What you should do: Take each line of the data that contains the string "Continuous" and copy it.

[Data extracted from a collection]
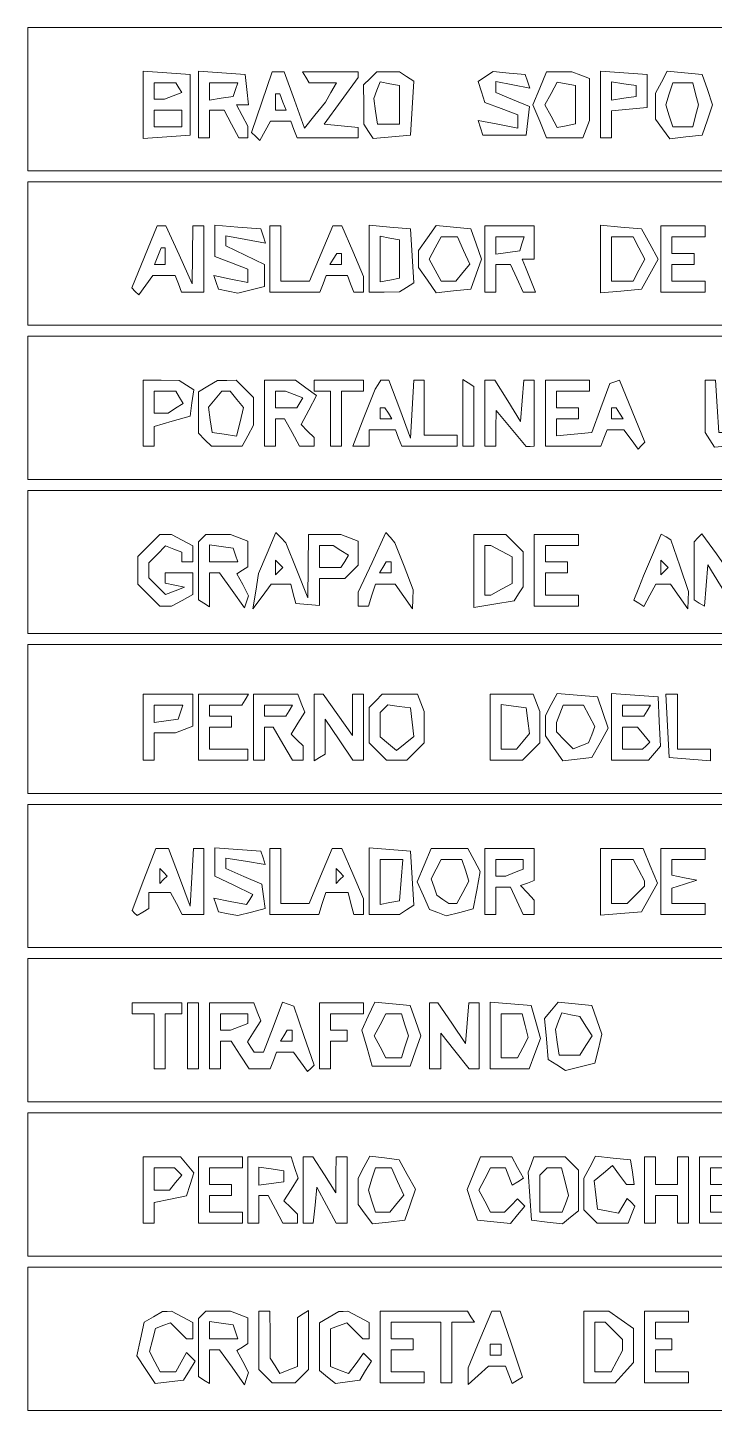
# Paper-space layout 'AN-06-DGE-026' of a CAD drawing. Header units: metres, sheet in millimetres. Extents: x 12 to 193, y 4 to 291.
# Drawn here: x 61.46 to 77.07, y 65.27 to 96.68 of the extents above; entities that cross this region are included whole.
import ezdxf

# ---------------------------------------------------------------- set-up
doc = ezdxf.new("R2010")
doc.units = ezdxf.units.M
doc.layers.add('DGE_CONTORNOS', color=7, linetype='Continuous', lineweight=0)
doc.layers.add('DGE_DATOS', color=7, linetype='Continuous', lineweight=0)

# ---------------------------------------------------------------- blocks, each defined once
blk = doc.blocks.new('LP_REF_DGE_MT_026')
at = {"layer": 'DGE_CONTORNOS'}
for points in [[(180.231, 95.054), (180.231, 93.427), (120.847, 93.427), (61.464, 93.427), (61.464, 95.054), (61.464, 96.681), (120.847, 96.681), (180.231, 96.681)], [(64.092, 94.929), (64.092, 94.163), (64.624, 94.202), (65.155, 94.24), (65.155, 94.929), (65.155, 95.617), (64.624, 95.655), (64.092, 95.694)], [(65.343, 94.936), (65.343, 94.178), (65.468, 94.178), (65.593, 94.178), (65.593, 94.491), (65.593, 94.803), (65.76, 94.803), (65.927, 94.803), (66.094, 94.491), (66.262, 94.178), (66.366, 94.178), (66.47, 94.178), (66.47, 94.311), (66.47, 94.444), (66.34, 94.686), (66.21, 94.929), (66.348, 94.929), (66.486, 94.929), (66.447, 95.273), (66.407, 95.617), (65.875, 95.655), (65.343, 95.694)], [(66.788, 94.991), (66.554, 94.302), (66.646, 94.21), (66.739, 94.117), (66.861, 94.335), (66.983, 94.553), (67.213, 94.553), (67.444, 94.553), (67.516, 94.365), (67.588, 94.178), (68.28, 94.178), (68.973, 94.178), (68.973, 94.295), (68.973, 94.412), (68.587, 94.451), (68.201, 94.491), (68.587, 95.021), (68.973, 95.552), (68.973, 95.616), (68.973, 95.679), (68.339, 95.679), (67.706, 95.679), (67.784, 95.554), (67.861, 95.429), (68.171, 95.429), (68.481, 95.429), (68.355, 95.21), (68.229, 94.991), (67.993, 94.693), (67.758, 94.395), (67.527, 95.037), (67.296, 95.679), (67.159, 95.679), (67.022, 95.679)], [(69.248, 95.529), (69.098, 95.379), (69.1, 94.935), (69.101, 94.491), (69.207, 94.325), (69.312, 94.159), (69.737, 94.2), (70.161, 94.24), (70.2, 94.854), (70.239, 95.468), (70.075, 95.572), (69.911, 95.676), (69.655, 95.678), (69.398, 95.679)], [(71.869, 95.571), (71.699, 95.46), (71.775, 95.222), (71.85, 94.984), (72.226, 94.842), (72.602, 94.7), (72.602, 94.55), (72.602, 94.4), (72.151, 94.485), (71.7, 94.569), (71.754, 94.405), (71.809, 94.24), (72.299, 94.24), (72.79, 94.24), (72.827, 94.566), (72.865, 94.893), (72.483, 95.051), (72.101, 95.209), (72.101, 95.335), (72.101, 95.46), (72.487, 95.383), (72.872, 95.306), (72.821, 95.462), (72.77, 95.617), (72.404, 95.65), (72.039, 95.682)], [(73.102, 95.304), (72.947, 94.929), (73.102, 94.553), (73.258, 94.178), (73.667, 94.178), (74.077, 94.178), (74.153, 94.376), (74.229, 94.574), (74.229, 95.051), (74.229, 95.528), (74.031, 95.604), (73.833, 95.679), (73.545, 95.679), (73.258, 95.679)], [(74.479, 94.936), (74.479, 94.178), (74.604, 94.178), (74.729, 94.178), (74.729, 94.483), (74.729, 94.788), (75.136, 94.827), (75.543, 94.866), (75.543, 95.241), (75.543, 95.617), (75.011, 95.655), (74.479, 95.694)], [(75.864, 95.445), (75.731, 95.195), (75.731, 94.898), (75.731, 94.601), (75.893, 94.379), (76.056, 94.156), (76.423, 94.198), (76.79, 94.24), (76.91, 94.584), (77.03, 94.929), (76.91, 95.273), (76.79, 95.617), (76.394, 95.655), (75.998, 95.694)], [(64.897, 95.317), (64.966, 95.205), (64.769, 95.129), (64.572, 95.054), (64.457, 95.054), (64.342, 95.054), (64.342, 95.241), (64.342, 95.429), (64.585, 95.429), (64.828, 95.429)], [(66.189, 95.273), (66.137, 95.116), (65.865, 95.076), (65.593, 95.036), (65.593, 95.233), (65.593, 95.429), (65.917, 95.429), (66.24, 95.429)], [(69.911, 94.927), (69.911, 94.491), (69.661, 94.491), (69.411, 94.491), (69.369, 94.781), (69.328, 95.072), (69.4, 95.26), (69.472, 95.448), (69.692, 95.405), (69.911, 95.363)], [(73.916, 94.929), (73.916, 94.494), (73.705, 94.453), (73.495, 94.413), (73.357, 94.671), (73.219, 94.929), (73.357, 95.186), (73.495, 95.444), (73.705, 95.404), (73.916, 95.363)], [(75.293, 95.241), (75.293, 95.116), (75.011, 95.076), (74.729, 95.036), (74.729, 95.241), (74.729, 95.447), (75.011, 95.407), (75.293, 95.367)], [(76.643, 95.179), (76.708, 94.929), (76.643, 94.678), (76.577, 94.428), (76.35, 94.428), (76.123, 94.428), (76.043, 94.678), (75.964, 94.929), (76.043, 95.179), (76.123, 95.429), (76.35, 95.429), (76.577, 95.429)], [(67.266, 94.991), (67.338, 94.803), (67.216, 94.803), (67.095, 94.803), (67.095, 94.991), (67.095, 95.179), (67.144, 95.179), (67.194, 95.179)], [(64.968, 94.616), (64.968, 94.428), (64.655, 94.428), (64.342, 94.428), (64.342, 94.616), (64.342, 94.803), (64.655, 94.803), (64.968, 94.803)], [(180.231, 91.549), (180.231, 89.922), (120.847, 89.922), (61.464, 89.922), (61.464, 91.549), (61.464, 93.176), (120.847, 93.176), (180.231, 93.176)], [(64.118, 91.471), (63.831, 90.767), (63.909, 90.689), (63.987, 90.611), (64.147, 90.83), (64.307, 91.049), (64.561, 91.049), (64.816, 91.049), (64.888, 90.861), (64.96, 90.673), (65.214, 90.673), (65.468, 90.673), (65.468, 91.424), (65.468, 92.175), (65.343, 92.175), (65.218, 92.175), (65.211, 91.518), (65.204, 90.861), (64.905, 91.518), (64.606, 92.175), (64.505, 92.175), (64.405, 92.175)], [(65.719, 91.834), (65.719, 91.479), (66.094, 91.337), (66.47, 91.196), (66.47, 91.044), (66.47, 90.892), (66.084, 90.969), (65.698, 91.047), (65.75, 90.891), (65.802, 90.736), (66.02, 90.694), (66.239, 90.651), (66.542, 90.727), (66.845, 90.803), (66.845, 91.053), (66.845, 91.303), (66.407, 91.512), (65.969, 91.721), (65.969, 91.837), (65.969, 91.953), (66.42, 91.868), (66.871, 91.783), (66.817, 91.948), (66.763, 92.113), (66.241, 92.151), (65.719, 92.19)], [(66.97, 91.424), (66.97, 90.673), (67.537, 90.673), (68.104, 90.673), (68.176, 90.861), (68.248, 91.049), (68.489, 91.049), (68.73, 91.049), (68.802, 90.861), (68.874, 90.673), (68.986, 90.673), (69.098, 90.673), (69.098, 90.851), (69.098, 91.028), (68.852, 91.602), (68.606, 92.175), (68.501, 92.175), (68.396, 92.175), (68.132, 91.549), (67.868, 90.924), (67.544, 90.924), (67.22, 90.924), (67.22, 91.549), (67.22, 92.175), (67.095, 92.175), (66.97, 92.175)], [(69.223, 91.432), (69.223, 90.673), (69.567, 90.675), (69.911, 90.677), (70.075, 90.781), (70.239, 90.885), (70.2, 91.499), (70.161, 92.113), (69.692, 92.151), (69.223, 92.19)], [(70.549, 91.904), (70.349, 91.619), (70.349, 91.424), (70.349, 91.23), (70.549, 90.944), (70.749, 90.659), (71.141, 90.698), (71.534, 90.736), (71.654, 91.08), (71.774, 91.424), (71.654, 91.768), (71.534, 92.113), (71.141, 92.151), (70.749, 92.189)], [(71.851, 91.424), (71.851, 90.673), (71.976, 90.673), (72.101, 90.673), (72.101, 90.986), (72.101, 91.299), (72.269, 91.299), (72.437, 91.299), (72.579, 90.986), (72.722, 90.673), (72.863, 90.673), (73.004, 90.673), (72.928, 90.861), (72.852, 91.049), (72.776, 91.237), (72.7, 91.424), (72.839, 91.424), (72.977, 91.424), (72.977, 91.8), (72.977, 92.175), (72.414, 92.175), (71.851, 92.175)], [(74.479, 91.424), (74.479, 90.658), (74.944, 90.697), (75.41, 90.736), (75.602, 91.08), (75.793, 91.424), (75.602, 91.768), (75.41, 92.113), (74.944, 92.151), (74.479, 92.19)], [(75.856, 91.424), (75.856, 90.673), (76.356, 90.673), (76.857, 90.673), (76.857, 90.799), (76.857, 90.924), (76.482, 90.924), (76.106, 90.924), (76.106, 91.111), (76.106, 91.299), (76.356, 91.299), (76.607, 91.299), (76.607, 91.424), (76.607, 91.549), (76.356, 91.549), (76.106, 91.549), (76.106, 91.737), (76.106, 91.925), (76.482, 91.925), (76.857, 91.925), (76.857, 92.05), (76.857, 92.175), (76.356, 92.175), (75.856, 92.175)], [(69.911, 91.424), (69.911, 90.99), (69.692, 90.947), (69.473, 90.905), (69.473, 91.424), (69.473, 91.943), (69.692, 91.901), (69.911, 91.859)], [(71.371, 91.616), (71.512, 91.307), (71.353, 91.115), (71.195, 90.924), (71.027, 90.924), (70.859, 90.924), (70.725, 91.174), (70.591, 91.424), (70.725, 91.675), (70.859, 91.925), (71.045, 91.925), (71.231, 91.925)], [(72.696, 91.768), (72.645, 91.612), (72.373, 91.572), (72.101, 91.532), (72.101, 91.728), (72.101, 91.925), (72.425, 91.925), (72.748, 91.925)], [(75.355, 91.675), (75.489, 91.424), (75.355, 91.174), (75.221, 90.924), (74.975, 90.924), (74.729, 90.924), (74.729, 91.424), (74.729, 91.925), (74.975, 91.925), (75.221, 91.925)], [(64.592, 91.487), (64.592, 91.299), (64.471, 91.299), (64.35, 91.299), (64.422, 91.487), (64.494, 91.675), (64.543, 91.675), (64.592, 91.675)], [(68.597, 91.424), (68.597, 91.299), (68.465, 91.299), (68.332, 91.299), (68.409, 91.424), (68.487, 91.549), (68.542, 91.549), (68.597, 91.549)], [(180.231, 88.045), (180.231, 86.418), (120.847, 86.418), (61.464, 86.418), (61.464, 88.045), (61.464, 89.672), (120.847, 89.672), (180.231, 89.672)], [(64.092, 87.92), (64.092, 87.169), (64.217, 87.169), (64.342, 87.169), (64.342, 87.394), (64.342, 87.618), (64.749, 87.738), (65.155, 87.857), (65.198, 88.156), (65.24, 88.455), (65.073, 88.561), (64.905, 88.667), (64.498, 88.669), (64.092, 88.671)], [(65.562, 88.536), (65.343, 88.408), (65.343, 87.939), (65.343, 87.469), (65.493, 87.319), (65.644, 87.169), (65.99, 87.169), (66.336, 87.169), (66.465, 87.411), (66.595, 87.653), (66.595, 87.965), (66.595, 88.278), (66.398, 88.474), (66.201, 88.671), (65.991, 88.667), (65.781, 88.663)], [(66.845, 87.92), (66.845, 87.169), (66.97, 87.169), (67.095, 87.169), (67.095, 87.482), (67.095, 87.795), (67.199, 87.795), (67.303, 87.795), (67.471, 87.482), (67.638, 87.169), (67.805, 87.169), (67.971, 87.169), (67.971, 87.269), (67.971, 87.369), (67.824, 87.517), (67.676, 87.665), (67.852, 87.993), (68.027, 88.321), (67.788, 88.496), (67.548, 88.671), (67.196, 88.671), (66.845, 88.671)], [(67.971, 88.546), (67.971, 88.421), (68.159, 88.421), (68.347, 88.421), (68.347, 87.795), (68.347, 87.169), (68.472, 87.169), (68.597, 87.169), (68.597, 87.795), (68.597, 88.421), (68.847, 88.421), (69.098, 88.421), (69.098, 88.546), (69.098, 88.671), (68.534, 88.671), (67.971, 88.671)], [(69.426, 88.571), (69.364, 88.47), (69.107, 87.82), (68.851, 87.169), (69.037, 87.169), (69.223, 87.169), (69.223, 87.357), (69.223, 87.545), (69.522, 87.545), (69.822, 87.545), (69.894, 87.357), (69.966, 87.169), (70.596, 87.169), (71.225, 87.169), (71.225, 87.294), (71.225, 87.419), (70.85, 87.419), (70.474, 87.419), (70.474, 88.045), (70.474, 88.671), (70.356, 88.671), (70.237, 88.671), (70.199, 88.014), (70.161, 87.357), (69.918, 88.014), (69.674, 88.671), (69.581, 88.671), (69.488, 88.671)], [(71.35, 87.927), (71.35, 87.169), (71.476, 87.169), (71.601, 87.169), (71.601, 87.85), (71.601, 88.531), (71.476, 88.608), (71.35, 88.686)], [(71.851, 87.92), (71.851, 87.169), (71.976, 87.169), (72.101, 87.169), (72.105, 87.576), (72.108, 87.983), (72.449, 87.575), (72.79, 87.167), (72.883, 87.168), (72.977, 87.169), (72.977, 87.92), (72.977, 88.671), (72.86, 88.671), (72.742, 88.671), (72.703, 88.202), (72.664, 87.732), (72.373, 88.202), (72.081, 88.671), (71.966, 88.671), (71.851, 88.671)], [(73.228, 87.92), (73.228, 87.169), (73.857, 87.169), (74.487, 87.169), (74.559, 87.357), (74.631, 87.545), (74.823, 87.545), (75.015, 87.545), (75.175, 87.326), (75.335, 87.107), (75.413, 87.185), (75.491, 87.263), (75.204, 87.967), (74.917, 88.671), (74.807, 88.634), (74.696, 88.597), (74.491, 88.04), (74.286, 87.482), (73.882, 87.443), (73.478, 87.404), (73.478, 87.599), (73.478, 87.795), (73.728, 87.795), (73.979, 87.795), (73.979, 87.92), (73.979, 88.045), (73.728, 88.045), (73.478, 88.045), (73.478, 88.233), (73.478, 88.421), (73.853, 88.421), (74.229, 88.421), (74.229, 88.546), (74.229, 88.671), (73.728, 88.671), (73.228, 88.671)], [(76.859, 88.076), (76.861, 87.482), (76.966, 87.316), (77.071, 87.151), (77.496, 87.191), (77.921, 87.232), (77.958, 87.951), (77.996, 88.671), (77.871, 88.671), (77.747, 88.671), (77.709, 88.076), (77.67, 87.482), (77.42, 87.482), (77.17, 87.482), (77.132, 88.076), (77.094, 88.671), (76.975, 88.671), (76.857, 88.671)], [(64.914, 88.281), (65, 88.142), (64.827, 88.033), (64.655, 87.924), (64.498, 87.922), (64.342, 87.92), (64.342, 88.17), (64.342, 88.421), (64.585, 88.421), (64.828, 88.421)], [(66.218, 88.235), (66.372, 88.048), (66.291, 87.726), (66.21, 87.403), (65.933, 87.443), (65.656, 87.482), (65.615, 87.77), (65.574, 88.059), (65.724, 88.24), (65.874, 88.421), (65.969, 88.421), (66.063, 88.421)], [(67.522, 88.345), (67.72, 88.269), (67.65, 88.157), (67.581, 88.045), (67.338, 88.045), (67.095, 88.045), (67.095, 88.233), (67.095, 88.421), (67.21, 88.421), (67.325, 88.421)], [(69.661, 87.92), (69.738, 87.795), (69.606, 87.795), (69.473, 87.795), (69.473, 87.92), (69.473, 88.045), (69.528, 88.045), (69.583, 88.045)], [(74.917, 87.92), (74.994, 87.795), (74.862, 87.795), (74.729, 87.795), (74.729, 87.92), (74.729, 88.045), (74.785, 88.045), (74.84, 88.045)], [(180.231, 84.541), (180.231, 82.914), (120.847, 82.914), (61.464, 82.914), (61.464, 84.541), (61.464, 86.168), (120.847, 86.168), (180.231, 86.168)], [(64.217, 84.916), (63.967, 84.666), (63.967, 84.353), (63.967, 84.04), (64.217, 83.79), (64.467, 83.54), (64.6, 83.54), (64.734, 83.54), (64.976, 83.669), (65.218, 83.799), (65.218, 84.045), (65.218, 84.291), (64.905, 84.291), (64.592, 84.291), (64.592, 84.175), (64.592, 84.059), (64.811, 84.014), (65.03, 83.97), (64.815, 83.885), (64.6, 83.801), (64.408, 83.992), (64.217, 84.183), (64.217, 84.353), (64.217, 84.523), (64.408, 84.714), (64.6, 84.906), (64.784, 84.835), (64.968, 84.764), (64.968, 84.653), (64.968, 84.541), (65.093, 84.541), (65.218, 84.541), (65.218, 84.724), (65.218, 84.908), (64.976, 85.037), (64.734, 85.167), (64.6, 85.167), (64.467, 85.167)], [(65.427, 85.083), (65.343, 85), (65.343, 84.34), (65.343, 83.68), (65.468, 83.602), (65.593, 83.525), (65.593, 83.908), (65.593, 84.291), (65.71, 84.291), (65.827, 84.291), (66.11, 83.893), (66.392, 83.496), (66.439, 83.636), (66.486, 83.776), (66.352, 84.026), (66.219, 84.275), (66.344, 84.353), (66.47, 84.43), (66.47, 84.723), (66.47, 85.015), (66.272, 85.091), (66.074, 85.167), (65.792, 85.167), (65.51, 85.167)], [(66.906, 84.744), (66.711, 84.277), (66.647, 83.877), (66.583, 83.477), (66.792, 83.759), (67.001, 84.04), (67.221, 84.04), (67.442, 84.04), (67.5, 83.818), (67.558, 83.596), (67.827, 83.575), (68.096, 83.555), (68.096, 83.86), (68.096, 84.165), (68.384, 84.165), (68.672, 84.165), (68.822, 84.316), (68.973, 84.466), (68.973, 84.74), (68.973, 85.015), (68.775, 85.091), (68.577, 85.167), (68.211, 85.167), (67.846, 85.167), (67.839, 84.447), (67.833, 83.727), (67.58, 84.353), (67.328, 84.979), (67.215, 85.095), (67.101, 85.211)], [(69.291, 84.531), (68.975, 83.853), (68.974, 83.696), (68.973, 83.54), (69.089, 83.54), (69.206, 83.54), (69.285, 83.79), (69.365, 84.04), (69.591, 84.04), (69.818, 84.04), (70.014, 83.759), (70.211, 83.477), (70.217, 83.694), (70.224, 83.91), (70.017, 84.444), (69.811, 84.979), (69.709, 85.094), (69.606, 85.209)], [(71.601, 84.337), (71.601, 83.507), (72.06, 83.581), (72.519, 83.656), (72.621, 83.817), (72.723, 83.978), (72.725, 84.375), (72.727, 84.773), (72.53, 84.97), (72.334, 85.167), (71.967, 85.167), (71.601, 85.167)], [(72.977, 84.353), (72.977, 83.54), (73.478, 83.54), (73.979, 83.54), (73.979, 83.665), (73.979, 83.79), (73.603, 83.79), (73.228, 83.79), (73.228, 84.04), (73.228, 84.291), (73.478, 84.291), (73.728, 84.291), (73.728, 84.416), (73.728, 84.541), (73.478, 84.541), (73.228, 84.541), (73.228, 84.729), (73.228, 84.916), (73.603, 84.916), (73.979, 84.916), (73.979, 85.041), (73.979, 85.167), (73.478, 85.167), (72.977, 85.167)], [(75.661, 84.702), (75.459, 84.228), (75.349, 83.951), (75.24, 83.674), (75.354, 83.603), (75.468, 83.533), (75.604, 83.786), (75.739, 84.04), (75.907, 84.04), (76.076, 84.04), (76.272, 83.759), (76.468, 83.477), (76.475, 83.674), (76.482, 83.871), (76.282, 84.456), (76.083, 85.041), (75.973, 85.109), (75.863, 85.177)], [(76.697, 85.09), (76.607, 85), (76.607, 84.34), (76.607, 83.68), (76.724, 83.607), (76.842, 83.534), (76.881, 84.006), (76.92, 84.478), (77.212, 84.008), (77.504, 83.538), (77.619, 83.609), (77.733, 83.68), (77.733, 84.353), (77.733, 85.027), (77.608, 85.104), (77.483, 85.181), (77.476, 84.705), (77.47, 84.228), (77.294, 84.478), (77.118, 84.729), (76.953, 84.955), (76.788, 85.181)], [(66.189, 84.697), (66.24, 84.541), (65.917, 84.541), (65.593, 84.541), (65.593, 84.737), (65.593, 84.934), (65.865, 84.894), (66.137, 84.854)], [(68.582, 84.803), (68.754, 84.694), (68.668, 84.555), (68.582, 84.416), (68.339, 84.416), (68.096, 84.416), (68.096, 84.666), (68.096, 84.916), (68.253, 84.914), (68.409, 84.912)], [(72.235, 84.787), (72.477, 84.657), (72.477, 84.353), (72.477, 84.049), (72.235, 83.92), (71.993, 83.79), (71.922, 83.79), (71.851, 83.79), (71.851, 84.353), (71.851, 84.916), (71.922, 84.916), (71.993, 84.916)], [(67.179, 84.332), (67.095, 84.249), (67.095, 84.416), (67.095, 84.583), (67.179, 84.499), (67.262, 84.416)], [(69.723, 84.416), (69.723, 84.291), (69.591, 84.291), (69.458, 84.291), (69.536, 84.416), (69.613, 84.541), (69.668, 84.541), (69.723, 84.541)], [(75.939, 84.332), (75.856, 84.249), (75.856, 84.416), (75.856, 84.583), (75.939, 84.499), (76.023, 84.416)], [(180.231, 80.974), (180.231, 79.284), (120.847, 79.284), (61.464, 79.284), (61.464, 80.974), (61.464, 82.664), (120.847, 82.664), (180.231, 82.664)], [(64.092, 80.786), (64.092, 80.035), (64.217, 80.035), (64.342, 80.035), (64.342, 80.348), (64.342, 80.661), (64.582, 80.661), (64.822, 80.661), (65.02, 80.737), (65.218, 80.813), (65.218, 81.175), (65.218, 81.537), (64.655, 81.537), (64.092, 81.537)], [(65.343, 80.786), (65.343, 80.035), (65.906, 80.035), (66.47, 80.035), (66.47, 80.161), (66.47, 80.286), (66.031, 80.286), (65.593, 80.286), (65.593, 80.536), (65.593, 80.786), (65.844, 80.786), (66.094, 80.786), (66.094, 80.911), (66.094, 81.037), (65.844, 81.037), (65.593, 81.037), (65.593, 81.162), (65.593, 81.287), (65.962, 81.287), (66.33, 81.287), (66.407, 81.412), (66.484, 81.537), (65.914, 81.537), (65.343, 81.537)], [(66.595, 80.786), (66.595, 80.035), (66.72, 80.035), (66.845, 80.035), (66.845, 80.411), (66.845, 80.786), (66.943, 80.786), (67.041, 80.786), (67.263, 80.411), (67.485, 80.035), (67.603, 80.035), (67.721, 80.035), (67.721, 80.198), (67.721, 80.361), (67.586, 80.496), (67.45, 80.632), (67.605, 80.88), (67.761, 81.129), (67.682, 81.333), (67.604, 81.537), (67.099, 81.537), (66.595, 81.537)], [(67.971, 80.779), (67.971, 80.021), (68.096, 80.098), (68.222, 80.175), (68.222, 80.572), (68.222, 80.97), (68.539, 80.502), (68.856, 80.035), (68.977, 80.035), (69.098, 80.035), (69.098, 80.786), (69.098, 81.537), (68.973, 81.537), (68.847, 81.537), (68.847, 81.069), (68.847, 80.602), (68.514, 81.069), (68.182, 81.537), (68.076, 81.537), (67.971, 81.537)], [(69.373, 81.387), (69.223, 81.237), (69.223, 80.833), (69.223, 80.429), (69.419, 80.232), (69.616, 80.035), (69.849, 80.035), (70.081, 80.035), (70.278, 80.232), (70.474, 80.429), (70.474, 80.785), (70.474, 81.141), (70.398, 81.339), (70.322, 81.537), (69.923, 81.537), (69.523, 81.537)], [(71.976, 80.786), (71.976, 80.035), (72.343, 80.035), (72.709, 80.035), (72.906, 80.232), (73.102, 80.429), (73.102, 80.785), (73.102, 81.141), (73.026, 81.339), (72.951, 81.537), (72.463, 81.537), (71.976, 81.537)], [(73.361, 81.302), (73.228, 81.053), (73.228, 80.822), (73.228, 80.592), (73.427, 80.306), (73.627, 80.021), (73.955, 80.06), (74.283, 80.098), (74.471, 80.434), (74.659, 80.769), (74.535, 81.122), (74.412, 81.475), (73.953, 81.513), (73.494, 81.551)], [(74.729, 80.793), (74.729, 80.035), (75.152, 80.035), (75.575, 80.035), (75.709, 80.196), (75.842, 80.358), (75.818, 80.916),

Solved exercise:
doc.layers.add('DGE_CONTORNOS', color=7, linetype='Continuous', lineweight=0)
doc.layers.add('DGE_DATOS', color=7, linetype='Continuous', lineweight=0)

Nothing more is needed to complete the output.